Fan de metal extrême, Estéban propose à ses amis un morceau. La réponse, unanime : « Non, ça va casser l’ambiance, c’est trop agressif » . Aucune discussion possible, pas de conciliation : Estéban est rejeté par un consensus implicite. Il n’est pas le bienvenu, et on ne headbangera pas sur les vociférations et les riffs endiablés de Slayer. Ravalant sa frustration, il feint comme les autres – les mélonormés- d’apprécier les gémissements de Rihanna. Comme des millions d’autres fans de metal, Estéban vient de subir une micro-agression.

Micro-agressions et système excluant

Rentré chez lui, Estéban décide de se changer les idées et allume la télévision, mais tombe sur Quotidien qui montre des metalleux avinés montrant leur postérieur. Écœuré par ces clichés, notre metalhead passe à Spotify : inutile, le service de streaming ne connaît pas le quart des groupes de black metal qu’il demande.

Alors, Estéban sort se promener ; las, des enfants le montrent du doigt, et de nombreux passants se retournent sans gêne sur lui. Ils se moquent de ses cheveux longs, de ses bracelets à clous, de son maquillage noir et de ses bagues à tête de mort. Il rencontre une connaissance et lui fait machinalement le signe des cornes avec la main ; méprisant, l’autre lui tend la sienne. « Les gens ont tellement intériorisé la metallophobie qu’ils imposent même leur façon de saluer » , témoigne Estéban.

Ces micro-agressions quotidiennes, il s’y est habitué. Le sentiment d’exclusion, lui, demeure : « Pourquoi les gens rejettent-ils ce qui est différent, et qu’ils ne peuvent pas comprendre ? » Pour lui, c’est clair : les fans de metal sont les victimes du rap-triarcat et de la pop-triarcat, deux styles qui permettent aux majors de la musique d’engranger des milliards de dollars et qu’elles protègent jalousement en stigmatisant ceux qui écoutent des musiques différentes.

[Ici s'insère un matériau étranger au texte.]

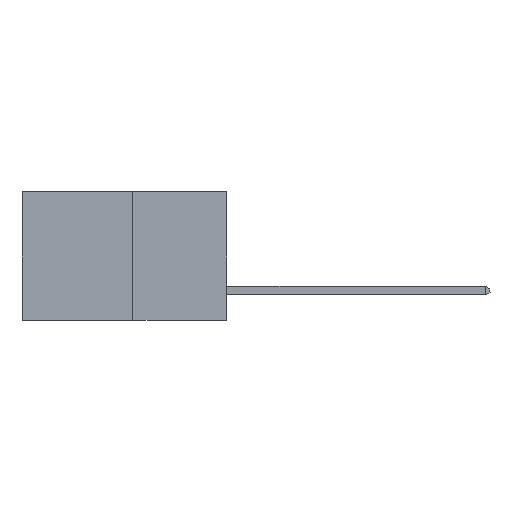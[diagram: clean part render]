
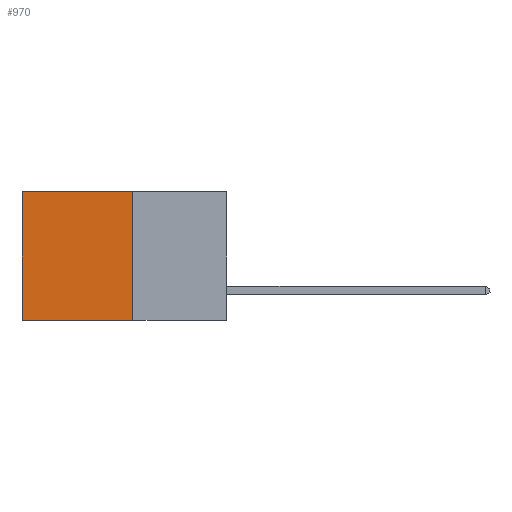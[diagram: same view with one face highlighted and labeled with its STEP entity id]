
A CAD part, left-side view. The second image highlights one B-rep face of the part: STEP entity #970.
In plain terms, the highlighted planar face has unit normal (-1, 0, 0).
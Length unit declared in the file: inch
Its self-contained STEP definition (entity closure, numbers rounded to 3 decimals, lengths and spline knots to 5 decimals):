
#390 = VECTOR ( 'NONE', #9431, 39.37008 ) ;
#490 = DIRECTION ( 'NONE',  ( 1., 0., 0. ) ) ;
#970 = ADVANCED_FACE ( 'NONE', ( #11752 ), #3768, .F. ) ;
#1046 = ORIENTED_EDGE ( 'NONE', *, *, #1778, .F. ) ;
#1778 = EDGE_CURVE ( 'NONE', #4153, #9215, #7369, .T. ) ;
#1861 = LINE ( 'NONE', #6015, #11372 ) ;
#1865 = ORIENTED_EDGE ( 'NONE', *, *, #6284, .F. ) ;
#3589 = DIRECTION ( 'NONE',  ( 0., 0., -1. ) ) ;
#3680 = LINE ( 'NONE', #12026, #390 ) ;
#3750 = CARTESIAN_POINT ( 'NONE',  ( 0.277, 0.27, -0.37 ) ) ;
#3768 = PLANE ( 'NONE',  #6157 ) ;
#3782 = CARTESIAN_POINT ( 'NONE',  ( 0.277, 0.27, -0.37 ) ) ;
#3816 = CARTESIAN_POINT ( 'NONE',  ( 0.277, 0.27, -0.37 ) ) ;
#3853 = VERTEX_POINT ( 'NONE', #11497 ) ;
#4153 = VERTEX_POINT ( 'NONE', #9373 ) ;
#4981 = EDGE_CURVE ( 'NONE', #4153, #3853, #1861, .T. ) ;
#5265 = CARTESIAN_POINT ( 'NONE',  ( 0.277, 0.59, -0.37 ) ) ;
#5579 = DIRECTION ( 'NONE',  ( 0., 1., 0. ) ) ;
#5589 = CARTESIAN_POINT ( 'NONE',  ( 0.277, 0.27, -0.37 ) ) ;
#5669 = DIRECTION ( 'NONE',  ( 0., 1., 0. ) ) ;
#6015 = CARTESIAN_POINT ( 'NONE',  ( 0.277, 0.27, 0. ) ) ;
#6157 = AXIS2_PLACEMENT_3D ( 'NONE', #3782, #490, #8138 ) ;
#6284 = EDGE_CURVE ( 'NONE', #9215, #11716, #10320, .T. ) ;
#7250 = EDGE_CURVE ( 'NONE', #3853, #11716, #3680, .T. ) ;
#7369 = LINE ( 'NONE', #5589, #9391 ) ;
#7738 = EDGE_LOOP ( 'NONE', ( #9455, #1865, #1046, #8789 ) ) ;
#7999 = VECTOR ( 'NONE', #5669, 39.37008 ) ;
#8138 = DIRECTION ( 'NONE',  ( 0., 0., -1. ) ) ;
#8789 = ORIENTED_EDGE ( 'NONE', *, *, #4981, .T. ) ;
#9215 = VERTEX_POINT ( 'NONE', #3750 ) ;
#9373 = CARTESIAN_POINT ( 'NONE',  ( 0.277, 0.27, 0. ) ) ;
#9391 = VECTOR ( 'NONE', #3589, 39.37008 ) ;
#9431 = DIRECTION ( 'NONE',  ( 0., 0., -1. ) ) ;
#9455 = ORIENTED_EDGE ( 'NONE', *, *, #7250, .T. ) ;
#10320 = LINE ( 'NONE', #3816, #7999 ) ;
#11372 = VECTOR ( 'NONE', #5579, 39.37008 ) ;
#11497 = CARTESIAN_POINT ( 'NONE',  ( 0.277, 0.59, 0. ) ) ;
#11716 = VERTEX_POINT ( 'NONE', #5265 ) ;
#11752 = FACE_OUTER_BOUND ( 'NONE', #7738, .T. ) ;
#12026 = CARTESIAN_POINT ( 'NONE',  ( 0.277, 0.59, -0.37 ) ) ;
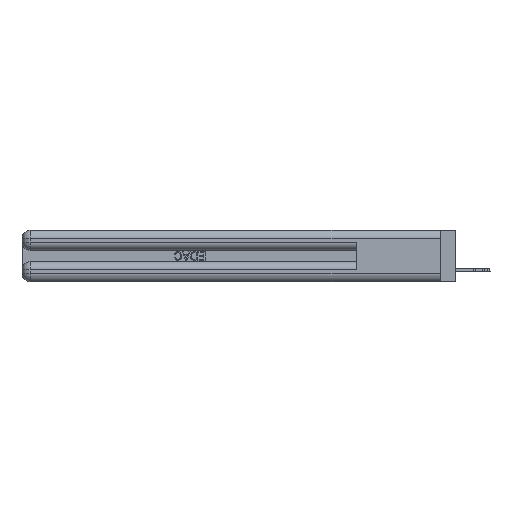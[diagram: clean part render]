
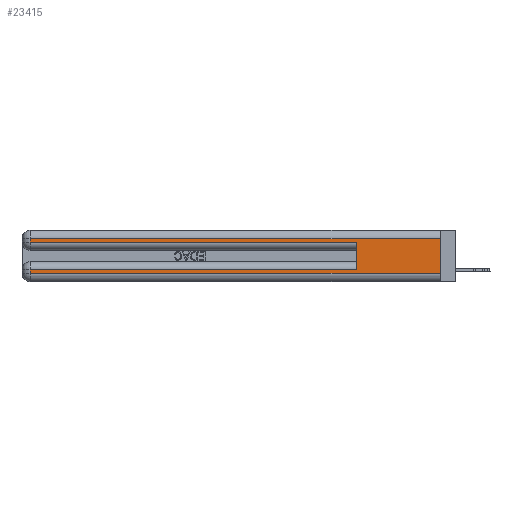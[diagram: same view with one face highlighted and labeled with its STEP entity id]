
A CAD part, left-side view. The second image highlights one B-rep face of the part: STEP entity #23415.
In plain terms, the highlighted planar face has unit normal (-1, 0, 0).
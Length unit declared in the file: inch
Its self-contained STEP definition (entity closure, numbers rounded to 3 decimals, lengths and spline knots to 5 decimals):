
#1120 = CARTESIAN_POINT ( 'NONE',  ( 0., 0.6, 0.145 ) ) ;
#1505 = LINE ( 'NONE', #11489, #43801 ) ;
#1860 = DIRECTION ( 'NONE',  ( 0., 0., 1. ) ) ;
#2960 = CARTESIAN_POINT ( 'NONE',  ( 0., 0.6, 0.085 ) ) ;
#3330 = CARTESIAN_POINT ( 'NONE',  ( 0., 0., 0.31 ) ) ;
#4137 = DIRECTION ( 'NONE',  ( 0., 0., -1. ) ) ;
#4500 = CARTESIAN_POINT ( 'NONE',  ( 0., 0., 0.06 ) ) ;
#4911 = EDGE_CURVE ( 'NONE', #33843, #18604, #1505, .T. ) ;
#6437 = CARTESIAN_POINT ( 'NONE',  ( 0., 0., 0.37 ) ) ;
#8616 = CARTESIAN_POINT ( 'NONE',  ( 0., 0., 0.37 ) ) ;
#8677 = ORIENTED_EDGE ( 'NONE', *, *, #51636, .T. ) ;
#9278 = ORIENTED_EDGE ( 'NONE', *, *, #38267, .F. ) ;
#9304 = VERTEX_POINT ( 'NONE', #2960 ) ;
#11139 = DIRECTION ( 'NONE',  ( 0., -1., 0. ) ) ;
#11489 = CARTESIAN_POINT ( 'NONE',  ( 0., 0., 0.06 ) ) ;
#12236 = DIRECTION ( 'NONE',  ( 0., 0., -1. ) ) ;
#12289 = ORIENTED_EDGE ( 'NONE', *, *, #36761, .F. ) ;
#12746 = CARTESIAN_POINT ( 'NONE',  ( 0., 2.94, 0.285 ) ) ;
#13368 = DIRECTION ( 'NONE',  ( 0., 0., -1. ) ) ;
#15573 = VERTEX_POINT ( 'NONE', #39038 ) ;
#16742 = ORIENTED_EDGE ( 'NONE', *, *, #35638, .T. ) ;
#18604 = VERTEX_POINT ( 'NONE', #4500 ) ;
#21228 = ORIENTED_EDGE ( 'NONE', *, *, #37044, .T. ) ;
#21454 = VECTOR ( 'NONE', #12236, 39.37008 ) ;
#22901 = DIRECTION ( 'NONE',  ( 0., -1., 0. ) ) ;
#23415 = ADVANCED_FACE ( 'NONE', ( #38411 ), #45733, .F. ) ;
#24094 = LINE ( 'NONE', #47434, #52834 ) ;
#24143 = VERTEX_POINT ( 'NONE', #12746 ) ;
#24599 = ORIENTED_EDGE ( 'NONE', *, *, #37614, .T. ) ;
#24684 = VERTEX_POINT ( 'NONE', #46457 ) ;
#25209 = CARTESIAN_POINT ( 'NONE',  ( 0., 2.94, 0.37 ) ) ;
#25676 = EDGE_CURVE ( 'NONE', #36722, #33843, #38840, .T. ) ;
#27403 = VECTOR ( 'NONE', #48016, 39.37008 ) ;
#29279 = LINE ( 'NONE', #1120, #33104 ) ;
#29867 = CARTESIAN_POINT ( 'NONE',  ( 0., 0., 0.31 ) ) ;
#30448 = LINE ( 'NONE', #6437, #21454 ) ;
#30523 = VECTOR ( 'NONE', #13368, 39.37008 ) ;
#33020 = VERTEX_POINT ( 'NONE', #29867 ) ;
#33104 = VECTOR ( 'NONE', #1860, 39.37008 ) ;
#33843 = VERTEX_POINT ( 'NONE', #34188 ) ;
#34188 = CARTESIAN_POINT ( 'NONE',  ( 0., 2.94, 0.06 ) ) ;
#35127 = AXIS2_PLACEMENT_3D ( 'NONE', #8616, #44873, #4137 ) ;
#35587 = CARTESIAN_POINT ( 'NONE',  ( 0., 0., 0.285 ) ) ;
#35638 = EDGE_CURVE ( 'NONE', #15573, #24143, #24094, .T. ) ;
#35739 = DIRECTION ( 'NONE',  ( 0., 1., 0. ) ) ;
#36508 = VECTOR ( 'NONE', #35739, 39.37008 ) ;
#36722 = VERTEX_POINT ( 'NONE', #42412 ) ;
#36761 = EDGE_CURVE ( 'NONE', #9304, #24684, #29279, .T. ) ;
#37044 = EDGE_CURVE ( 'NONE', #33020, #15573, #50979, .T. ) ;
#37614 = EDGE_CURVE ( 'NONE', #24143, #24684, #52914, .T. ) ;
#38267 = EDGE_CURVE ( 'NONE', #33020, #18604, #30448, .T. ) ;
#38411 = FACE_OUTER_BOUND ( 'NONE', #51942, .T. ) ;
#38840 = LINE ( 'NONE', #25209, #30523 ) ;
#39038 = CARTESIAN_POINT ( 'NONE',  ( 0., 2.94, 0.31 ) ) ;
#39177 = DIRECTION ( 'NONE',  ( 0., 0., -1. ) ) ;
#42178 = LINE ( 'NONE', #48093, #36508 ) ;
#42412 = CARTESIAN_POINT ( 'NONE',  ( 0., 2.94, 0.085 ) ) ;
#43801 = VECTOR ( 'NONE', #11139, 39.37008 ) ;
#44611 = VECTOR ( 'NONE', #22901, 39.37008 ) ;
#44873 = DIRECTION ( 'NONE',  ( 1., 0., 0. ) ) ;
#45097 = ORIENTED_EDGE ( 'NONE', *, *, #25676, .T. ) ;
#45733 = PLANE ( 'NONE',  #35127 ) ;
#46457 = CARTESIAN_POINT ( 'NONE',  ( 0., 0.6, 0.285 ) ) ;
#47434 = CARTESIAN_POINT ( 'NONE',  ( 0., 2.94, 0.37 ) ) ;
#48016 = DIRECTION ( 'NONE',  ( 0., 1., 0. ) ) ;
#48093 = CARTESIAN_POINT ( 'NONE',  ( 0., 0., 0.085 ) ) ;
#50979 = LINE ( 'NONE', #3330, #27403 ) ;
#51526 = ORIENTED_EDGE ( 'NONE', *, *, #4911, .T. ) ;
#51636 = EDGE_CURVE ( 'NONE', #9304, #36722, #42178, .T. ) ;
#51942 = EDGE_LOOP ( 'NONE', ( #9278, #21228, #16742, #24599, #12289, #8677, #45097, #51526 ) ) ;
#52834 = VECTOR ( 'NONE', #39177, 39.37008 ) ;
#52914 = LINE ( 'NONE', #35587, #44611 ) ;

Pour Esteban, aucun safe space

Les amateurs de soupe auditive peuvent ouvrir n’importe quelle radio à n’importe quel moment pour être bercés de morceaux interchangeables de musique mondialisée. Ils ont leurs émissions, leurs évènements ; leur culture et leurs codes définissent la normativité des espaces musicaux publics et privés. Pour eux, le monde entier est un safe space.

Estéban, lui, n’a pas de radio dédiée ; tout au plus, quelques émissions confidentielles proposées à des heures tardives. Même ses refuges habituels (les grands festivals metal) sont victimes de l’entrisme de la musique commerciale et d’une appropriation culturelle ne subissant aucune limite : « Avant, on était entre vrais metalleux, et on pouvait partager notre expérience de personnes metallisées autour d’une bière sans craindre l’oppression. Aujourd’hui, on subit l’invasion de cohortes d’adolescents gothiques écoutant des groupes commerciaux, de vieux boomers qui achètent le dernier album de Metallica en expliquant que c’est du metal, ou de bimbos Instagram qui qui font de l’appropriation culturelle en s’habillant en noir« .

Les solutions : intersectionnalité et éducation populaire

Fort de ces amères constatations, Estéban a fondé en 2015 le CCMI, le Comité Contre la Metallophobie Institutionnelle, qui rassemble aujourd’hui plus de 200 000 metalleux. Son but : « Unir les metalleux autour d’une cause commune, la lutte contre la metallophobie« .

Punk, black, hardcore, doom, death, thrash, hard rock, heavy : pour Estéban, le combat contre la pop-triarcat et le rap-triarcat passe par l’union contre la métallophobie. « Les punks se battent pour le droit de porter une crête de cheveux verte ; les thrashers militent pour le respect de la veste en jean sans manches avec des patchs cousus ; les black metalleux veulent invoquer Satan sans se cacher. Au CCMI, on essaye d’unir tous les fans de metal pour mener une vraie lutte intersectionnelle. Chacun avait son drapeau, comme les LGBT : maintenant, nous sommes unis sous la même banière. Noire, bien sûr.« 

Depuis 6 ans, Estéban propose donc des conférences autour du monde pour sensibiliser différents publics à la metallophobie. Évidemment, Estéban a pris soin d’étudier les luttes intersectionnelles existantes pour plus d’efficacité. « Nous montrons aux gens que s’habiller en noir est un signe extérieur de soutien à notre cause. Bien sûr, nous leur vendons ensuite les vêtements de notre shop pour metalleux ! ». Estéban confie que l’étude de Rokhaya Diallo et d’Assa Traoré lui a énormément appris sur l’art de conjuguer business et luttes sociales. « Il faut bien vivre ! », assume le redresseur de torts chevelu qui a compris grâce à ces égéries que « tout le monde peut se plaindre de quelque chose pour gagner sa vie« .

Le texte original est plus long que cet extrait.